As far as I can tell, you probably don't even need a whole separate law relegated to, 'computer crimes'. Just apply existing law to it's digital counterpart. ie; destruction of property, theft, unlawful entry, etc.. etc.. Probably only a few handful of cases where new legislation is required for specific computer mediated malicious activity is involved.
Maybe the U.S. government is just too antiquated to deal with the modern world anymore... I dunno... If you asked me if something was computer, 'cracking,' or not computer, 'cracking,' I'd probably be able to tell you pretty easily; and I'm no expert..
(Score: 2) by meustrus on Monday December 07 2020, @11:37PM (3 children)
This right here is the point. The crime here is that bribery happened, not that a database was used incorrectly. Would it be a special crime to use your own key to read a list of undercover agents kept in a locked box? No, that would be silly.
The problem though is that the FBI doesn't have jurisdiction to go after police bribery. They have jurisdiction to go after computer hacking. So even though the real crime is bribery, they can only take the computer hacking to federal court.
The solution is that this FBI/state jurisdiction battle needs to be settled. It is frankly ridiculous that police in this country are either nominally accountable to local voters but cut off from their professional community, or big government goons with the resources and scope to actually go after modern crimes.
If there isn't at least one reference or primary source, it's not +1 Informative. Maybe the underused +1 Interesting?
(Score: 2) by choose another one on Tuesday December 08 2020, @08:58AM
> The problem though is that the FBI doesn't have jurisdiction to go after police bribery.
If that is the case, WTF were the FBI doing setting up a bribery sting? Or if it wasn't a setup/sting, WTF was it?

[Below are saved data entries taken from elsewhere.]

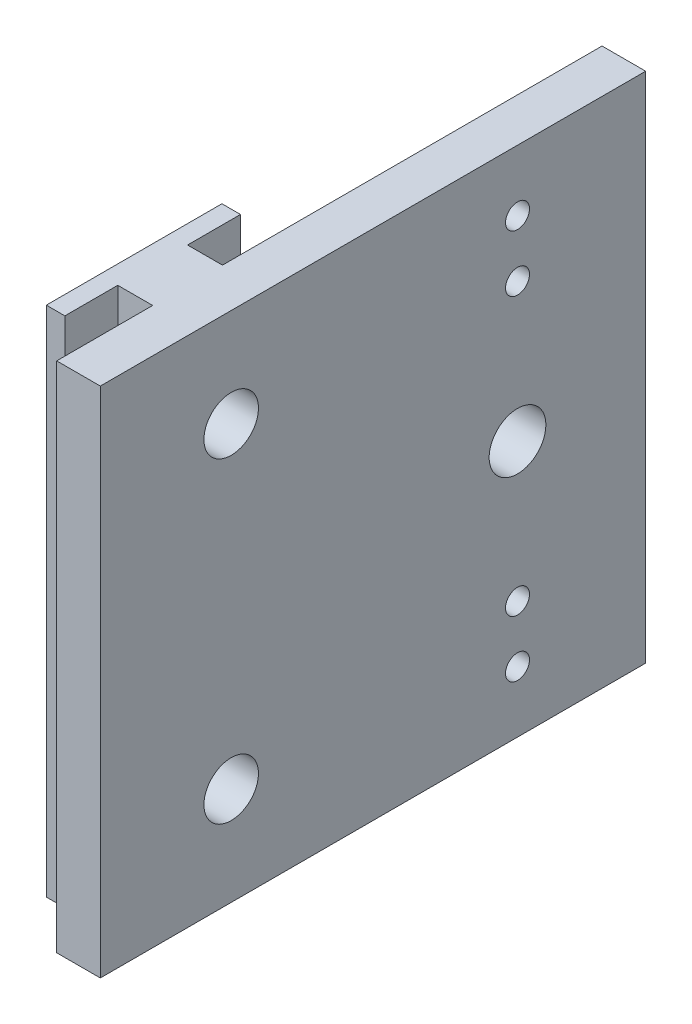
ISO-10303-21;
HEADER;
FILE_DESCRIPTION(('STEP AP214'),'2;1');
FILE_NAME('part.step','',(''),(''),'','','');
FILE_SCHEMA(('AUTOMOTIVE_DESIGN { 1 0 10303 214 1 1 1 1 }'));
ENDSEC;
DATA;
#1=APPLICATION_CONTEXT('core data for automotive mechanical design processes');
#2=APPLICATION_PROTOCOL_DEFINITION('international standard','automotive_design',2000,#1);
#3=PRODUCT_CONTEXT('',#1,'mechanical');
#4=PRODUCT('Part','Part','',(#3));
#5=PRODUCT_RELATED_PRODUCT_CATEGORY('part','',(#4));
#6=PRODUCT_DEFINITION_FORMATION('','',#4);
#7=PRODUCT_DEFINITION_CONTEXT('part definition',#1,'design');
#8=PRODUCT_DEFINITION('design','',#6,#7);
#9=PRODUCT_DEFINITION_SHAPE('','',#8);
#10=(LENGTH_UNIT() NAMED_UNIT(*) SI_UNIT(.MILLI.,.METRE.));
#11=(NAMED_UNIT(*) PLANE_ANGLE_UNIT() SI_UNIT($,.RADIAN.));
#12=(NAMED_UNIT(*) SI_UNIT($,.STERADIAN.) SOLID_ANGLE_UNIT());
#13=UNCERTAINTY_MEASURE_WITH_UNIT(LENGTH_MEASURE(1.E-05),#10,'distance_accuracy_value','');
#14=(GEOMETRIC_REPRESENTATION_CONTEXT(3) GLOBAL_UNCERTAINTY_ASSIGNED_CONTEXT((#13)) GLOBAL_UNIT_ASSIGNED_CONTEXT((#10,
#11,#12)) REPRESENTATION_CONTEXT('',''));
#15=CARTESIAN_POINT('',(0.,0.,0.));
#16=DIRECTION('',(0.,0.,1.));
#17=DIRECTION('',(1.,0.,0.));
#18=AXIS2_PLACEMENT_3D('',#15,#16,#17);
#19=CARTESIAN_POINT('',(0.,59.69,0.));
#20=DIRECTION('',(-1.,0.,0.));
#21=DIRECTION('',(0.,0.,1.));
#22=AXIS2_PLACEMENT_3D('',#19,#20,#21);
#23=PLANE('',#22);
#24=DIRECTION('',(0.,-0.499999999999999,-0.866025403784439));
#25=VECTOR('',#24,1.);
#26=CARTESIAN_POINT('',(0.,45.620354569265,-5.6515));
#27=LINE('',#26,#25);
#28=CARTESIAN_POINT('',(0.,45.620354569265,-5.6515));
#29=VERTEX_POINT('',#28);
#30=CARTESIAN_POINT('',(0.,42.9807091385301,-10.2235));
#31=VERTEX_POINT('',#30);
#32=EDGE_CURVE('E260',#29,#31,#27,.T.);
#33=ORIENTED_EDGE('',*,*,#32,.T.);
#34=DIRECTION('',(0.,0.5,-0.866025403784438));
#35=VECTOR('',#34,1.);
#36=CARTESIAN_POINT('',(0.,42.9807091385301,-10.2235));
#37=LINE('',#36,#35);
#38=CARTESIAN_POINT('',(0.,45.620354569265,-14.7955));
#39=VERTEX_POINT('',#38);
#40=EDGE_CURVE('E64',#31,#39,#37,.T.);
#41=ORIENTED_EDGE('',*,*,#40,.T.);
#42=DIRECTION('',(0.,1.,0.));
#43=VECTOR('',#42,1.);
#44=CARTESIAN_POINT('',(0.,45.620354569265,-14.7955));
#45=LINE('',#44,#43);
#46=CARTESIAN_POINT('',(0.,50.899645430735,-14.7955));
#47=VERTEX_POINT('',#46);
#48=EDGE_CURVE('E273',#39,#47,#45,.T.);
#49=ORIENTED_EDGE('',*,*,#48,.T.);
#50=DIRECTION('',(0.,0.499999999999999,0.866025403784439));
#51=VECTOR('',#50,1.);
#52=CARTESIAN_POINT('',(0.,50.899645430735,-14.7955));
#53=LINE('',#52,#51);
#54=CARTESIAN_POINT('',(0.,53.5392908614699,-10.2235));
#55=VERTEX_POINT('',#54);
#56=EDGE_CURVE('E270',#47,#55,#53,.T.);
#57=ORIENTED_EDGE('',*,*,#56,.T.);
#58=DIRECTION('',(0.,-0.499999999999999,0.866025403784439));
#59=VECTOR('',#58,1.);
#60=CARTESIAN_POINT('',(0.,53.5392908614699,-10.2235));
#61=LINE('',#60,#59);
#62=CARTESIAN_POINT('',(0.,50.899645430735,-5.6515));
#63=VERTEX_POINT('',#62);
#64=EDGE_CURVE('E267',#55,#63,#61,.T.);
#65=ORIENTED_EDGE('',*,*,#64,.T.);
#66=DIRECTION('',(0.,-1.,0.));
#67=VECTOR('',#66,1.);
#68=CARTESIAN_POINT('',(0.,50.899645430735,-5.6515));
#69=LINE('',#68,#67);
#70=EDGE_CURVE('E263',#63,#29,#69,.T.);
#71=ORIENTED_EDGE('',*,*,#70,.T.);
#72=EDGE_LOOP('',(#33,#41,#49,#57,#65,#71));
#73=FACE_BOUND('',#72,.T.);
#74=DIRECTION('',(0.,0.,-1.));
#75=VECTOR('',#74,1.);
#76=CARTESIAN_POINT('',(0.,0.,0.));
#77=LINE('',#76,#75);
#78=CARTESIAN_POINT('',(0.,0.,0.));
#79=VERTEX_POINT('',#78);
#80=CARTESIAN_POINT('',(0.,0.,-20.447));
#81=VERTEX_POINT('',#80);
#82=EDGE_CURVE('E395',#79,#81,#77,.T.);
#83=ORIENTED_EDGE('',*,*,#82,.F.);
#84=DIRECTION('',(0.,-1.,0.));
#85=VECTOR('',#84,1.);
#86=CARTESIAN_POINT('',(0.,59.69,0.));
#87=LINE('',#86,#85);
#88=CARTESIAN_POINT('',(0.,59.69,0.));
#89=VERTEX_POINT('',#88);
#90=EDGE_CURVE('E425',#89,#79,#87,.T.);
#91=ORIENTED_EDGE('',*,*,#90,.F.);
#92=DIRECTION('',(0.,0.,-1.));
#93=VECTOR('',#92,1.);
#94=CARTESIAN_POINT('',(0.,59.69,0.));
#95=LINE('',#94,#93);
#96=CARTESIAN_POINT('',(0.,59.69,-20.447));
#97=VERTEX_POINT('',#96);
#98=EDGE_CURVE('E352',#89,#97,#95,.T.);
#99=ORIENTED_EDGE('',*,*,#98,.T.);
#100=DIRECTION('',(0.,-1.,0.));
#101=VECTOR('',#100,1.);
#102=CARTESIAN_POINT('',(0.,59.69,-20.447));
#103=LINE('',#102,#101);
#104=EDGE_CURVE('E422',#97,#81,#103,.T.);
#105=ORIENTED_EDGE('',*,*,#104,.T.);
#106=EDGE_LOOP('',(#83,#91,#99,#105));
#107=FACE_BOUND('',#106,.T.);
#108=DIRECTION('',(0.,-0.5,-0.866025403784439));
#109=VECTOR('',#108,1.);
#110=CARTESIAN_POINT('',(0.,8.79035456926503,-5.6515));
#111=LINE('',#110,#109);
#112=CARTESIAN_POINT('',(0.,8.79035456926503,-5.6515));
#113=VERTEX_POINT('',#112);
#114=CARTESIAN_POINT('',(0.,6.15070913853007,-10.2235));
#115=VERTEX_POINT('',#114);
#116=EDGE_CURVE('E234',#113,#115,#111,.T.);
#117=ORIENTED_EDGE('',*,*,#116,.T.);
#118=DIRECTION('',(0.,0.5,-0.866025403784439));
#119=VECTOR('',#118,1.);
#120=CARTESIAN_POINT('',(0.,6.15070913853006,-10.2235));
#121=LINE('',#120,#119);
#122=CARTESIAN_POINT('',(0.,8.79035456926503,-14.7955));
#123=VERTEX_POINT('',#122);
#124=EDGE_CURVE('E56',#115,#123,#121,.T.);
#125=ORIENTED_EDGE('',*,*,#124,.T.);
#126=DIRECTION('',(0.,1.,0.));
#127=VECTOR('',#126,1.);
#128=CARTESIAN_POINT('',(0.,8.79035456926503,-14.7955));
#129=LINE('',#128,#127);
#130=CARTESIAN_POINT('',(0.,14.069645430735,-14.7955));
#131=VERTEX_POINT('',#130);
#132=EDGE_CURVE('E238',#123,#131,#129,.T.);
#133=ORIENTED_EDGE('',*,*,#132,.T.);
#134=DIRECTION('',(0.,0.5,0.866025403784439));
#135=VECTOR('',#134,1.);
#136=CARTESIAN_POINT('',(0.,14.069645430735,-14.7955));
#137=LINE('',#136,#135);
#138=CARTESIAN_POINT('',(0.,16.7092908614699,-10.2235));
#139=VERTEX_POINT('',#138);
#140=EDGE_CURVE('E845',#131,#139,#137,.T.);
#141=ORIENTED_EDGE('',*,*,#140,.T.);
#142=DIRECTION('',(0.,-0.5,0.866025403784439));
#143=VECTOR('',#142,1.);
#144=CARTESIAN_POINT('',(0.,16.7092908614699,-10.2235));
#145=LINE('',#144,#143);
#146=CARTESIAN_POINT('',(0.,14.069645430735,-5.6515));
#147=VERTEX_POINT('',#146);
#148=EDGE_CURVE('E842',#139,#147,#145,.T.);
#149=ORIENTED_EDGE('',*,*,#148,.T.);
#150=DIRECTION('',(0.,-1.,0.));
#151=VECTOR('',#150,1.);
#152=CARTESIAN_POINT('',(0.,14.069645430735,-5.6515));
#153=LINE('',#152,#151);
#154=EDGE_CURVE('E836',#147,#113,#153,.T.);
#155=ORIENTED_EDGE('',*,*,#154,.T.);
#156=EDGE_LOOP('',(#117,#125,#133,#141,#149,#155));
#157=FACE_BOUND('',#156,.T.);
#158=ADVANCED_FACE('F39',(#73,#107,#157),#23,.T.);
#159=CARTESIAN_POINT('',(6.223,59.69,-58.4835));
#160=DIRECTION('',(0.,0.,-1.));
#161=DIRECTION('',(-1.,0.,0.));
#162=AXIS2_PLACEMENT_3D('',#159,#160,#161);
#163=PLANE('',#162);
#164=DIRECTION('',(1.,0.,0.));
#165=VECTOR('',#164,1.);
#166=CARTESIAN_POINT('',(6.223,0.,-58.4835));
#167=LINE('',#166,#165);
#168=CARTESIAN_POINT('',(6.223,0.,-58.4835));
#169=VERTEX_POINT('',#168);
#170=CARTESIAN_POINT('',(11.303,0.,-58.4835));
#171=VERTEX_POINT('',#170);
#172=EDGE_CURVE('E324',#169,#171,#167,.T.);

(Score: 2) by FatPhil on Wednesday December 09 2020, @09:46AM (1 child)
Great minds discuss ideas; average minds discuss events; small minds discuss people; the smallest discuss themselves
(Score: 2) by meustrus on Wednesday December 09 2020, @04:31PM
> I don't see why that should affect things, the law treats intentions as concrete things that can be evaluated post hoc all the time.
That's a pretense and everyone knows it. Yes, it is more heinous to break into someone's home intending to murder them than it is to break into their home to steal something and then incidentally killing them to escape, and the only difference there is intent.
But that's a necessary difference, and it is loud. You can prove it to an extent, like if the murder weapon belonged to the killer or if it was grabbed in haste at the scene of the crime, or if the killer was really prepared for a full scale burglary and not just a quick assassination.
How do you prove what is in a detective's head when they access the database? What if they're studying past cases that seem completely unrelated, trying to jog their memory or see patterns, or looking for hidden criminal connections?
And there will always be times that a query might be "relevant to a pressing current case", but the information is still useful when it's leaked to a third party. It might not have counted as "unauthorized access" if the officer was directly involved in undercover operations on a daily basis, but it would be no less wrong to do what he did. Why tie your law enforcement to standards that fall apart in actual crimes?
I appreciate that somebody is running anti-bribery stings on local cops, but this just is not an effective way to do that. It's also problematic for sure, but I think its lack of effectiveness is more troubling (to the side that needs convincing, i.e. the feds).
If there isn't at least one reference or primary source, it's not +1 Informative. Maybe the underused +1 Interesting?